Similarly, I have been witness to the almost miraculous, nigh-on-holy
efficacy of well-made work that didn't roll off a slave labor assembly
line; my great-grandfather's tractor works as well as the day it was
assembled, Victrolas & MacIntosh tube amps I've owned, cotton thread dating
back to the Vietnam war, stained glass church windows... Today's economic
demands have perverted the modern manufacture of all these perfectly good,
frequently important things-- manufacture whose origins would not be
possible without attention to sound, beneficial scientific principles, it
should be noted --to the extent that planned obsolescence is The Thing.

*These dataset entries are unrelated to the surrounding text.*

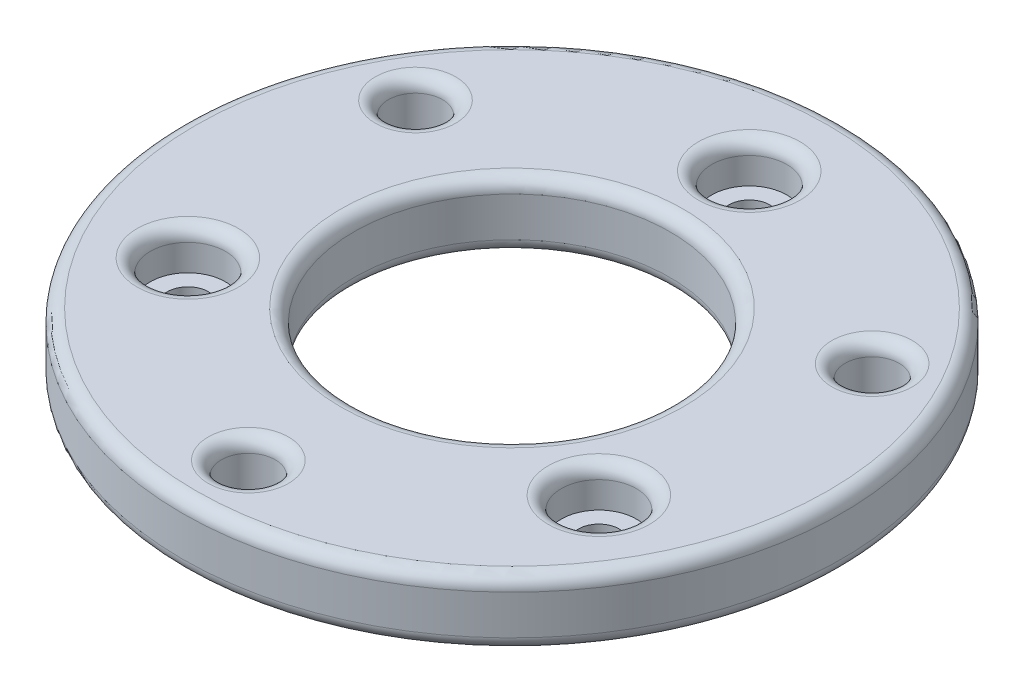
SolidWorks part; units mm, degrees
material "Nylon 101"
ref_plane "Front Plane" through (0, 0, 0) normal (0, 0, 1) x (1, 0, 0)
ref_plane "Top Plane" through (0, 0, 0) normal (0, 1, 0) x (1, 0, 0)
ref_plane "Right Plane" through (0, 0, 0) normal (1, 0, 0) x (0, 0, -1)
sketch "Sketch1" plane through (0, 0, 0) normal (0, 1, 0) x (1, 0, 0)
  line L0 (0, 0) -> (0, 37.9484) construction
  circle A0 centre (0, 0) radius 25
  circle A1 centre (0, 0) radius 12
  circle A2 centre (0, 18) radius 1.55
  circle A3 centre (15.5885, -9) radius 1.55
  circle A4 centre (-15.5885, -9) radius 1.55
  circle A5 centre (0, -20) radius 2.05
  circle A6 centre (-17.3205, 10) radius 2.05
  circle A7 centre (17.3205, 10) radius 2.05
  point P13 (0, 0)
  dimension "D1" = 24
  dimension "D2" = 50
  dimension "D3" = 3.1
  dimension "D4" = 18
  dimension "D6" = 20
  dimension "D7" = 4.1
  dimension "D5" = 3
extrude "Boss-Extrude1" add sketch "Sketch1" along normal blind 5
sketch "Sketch2" plane through (0, 5, 0) normal (0, 1, 0) x (1, 0, 0)
  circle A0 centre (0, 18) radius 2.85
  circle A1 centre (15.5885, -9) radius 2.85
  circle A2 centre (-15.5885, -9) radius 2.85
  point P9 (0, 0)
  dimension "D1" = 5.7
  dimension "D2" = 3
extrude "Cut-Extrude1" cut sketch "Sketch2" against normal blind 3
fillet "Fillet1" radius 1 16 edges at (-15.5885, 0, 10.55) (15.5885, 0, 10.55) (0, 0, -16.45) (0, 0, 12) (0, 0, 25) (0, 5, 25) (0, 5, 12) (-15.5885, 5, 11.85) (15.5885, 5, 11.85) (0, 5, -15.15) (17.3205, 0, -7.95) (-17.3205, 0, -7.95) (0, 0, 22.05) (17.3205, 5, -7.95) (0, 5, 22.05) (-17.3205, 5, -7.95)
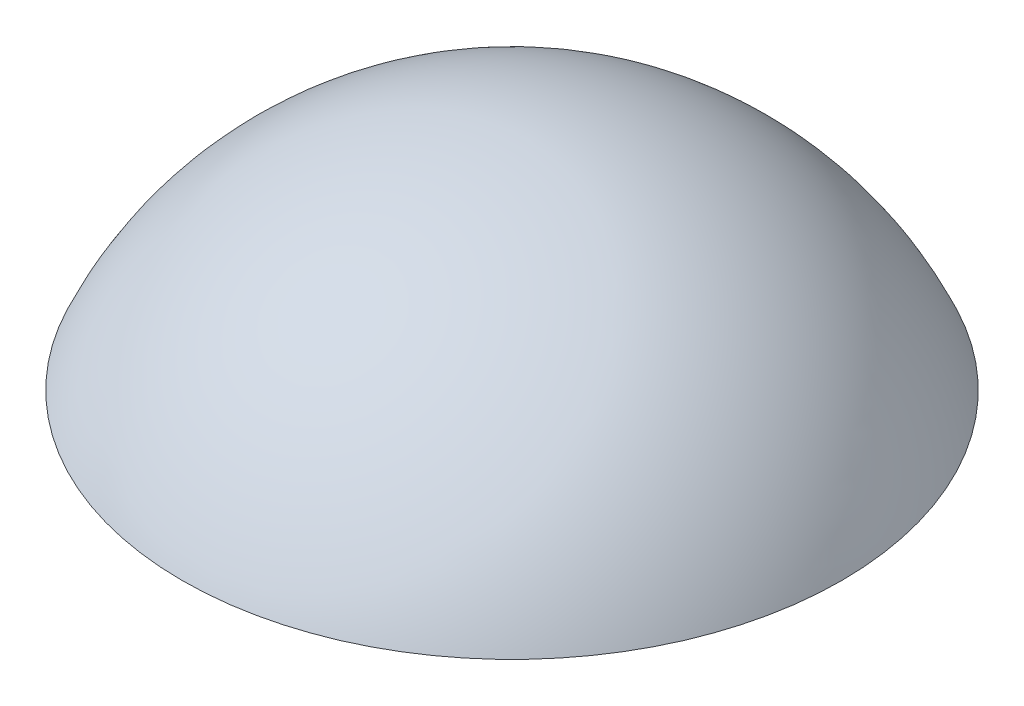
SolidWorks part; units mm, degrees
ref_plane "Front Plane" through (0, 0, 0) normal (0, 0, 1) x (1, 0, 0)
ref_plane "Top Plane" through (0, 0, 0) normal (0, 1, 0) x (1, 0, 0)
ref_plane "Right Plane" through (0, 0, 0) normal (1, 0, 0) x (0, 0, -1)
sketch "Sketch2" plane through (0, 0, 0) normal (0, 0, 1) x (1, 0, 0)
  line L0 (54.1727, -17.3572) -> (54.1727, 45.1268)
  line L1 (54.1727, -17.3572) -> (11.3929, -17.3572)
  line L2 (11.3929, -17.3572) -> (2.7002, -2.843)
  line L3 (2.7002, -2.843) -> (-18.8523, -2.843)
  arc A0 (-18.8523, -2.843) -> (54.1727, 45.1268) centre (53.9872, -34.1591) cw
  dimension "D1" = 73.025
  dimension "D2" = 62.484
revolve "Revolve2" add sketch "Sketch2" angle 360 about L0
sketch "Sketch4" plane through (0, 0, 0) normal (0, 0, 1) x (1, 0, 0)
  circle A0 centre (54.1727, -10.1214) radius 6.0118
  dimension "D1" = 73.025
extrude "Boss-Extrude1" add sketch "Sketch4" along normal blind 56.896

Everything is made with its eventual expiration in mind. To me, that's
perversion. You make a life not knowing when it may end, so make a life *
judiciously,* don't overpopulate our nameless assholes into the seas. One
crafts a tool with the best intentions in mind, hopefully as a fulcrum for
applied force, not an implement for murder. Science is not the problem,
nor necessarily religion (*qua* faith rather than dogma): our ethics as
human beings is the issue. This constant clamoring for More, not Better.
We give in to the devil and fear death (read also: the unknown) rather than
accepting it mindfully & trying to understand. Be cool, but care?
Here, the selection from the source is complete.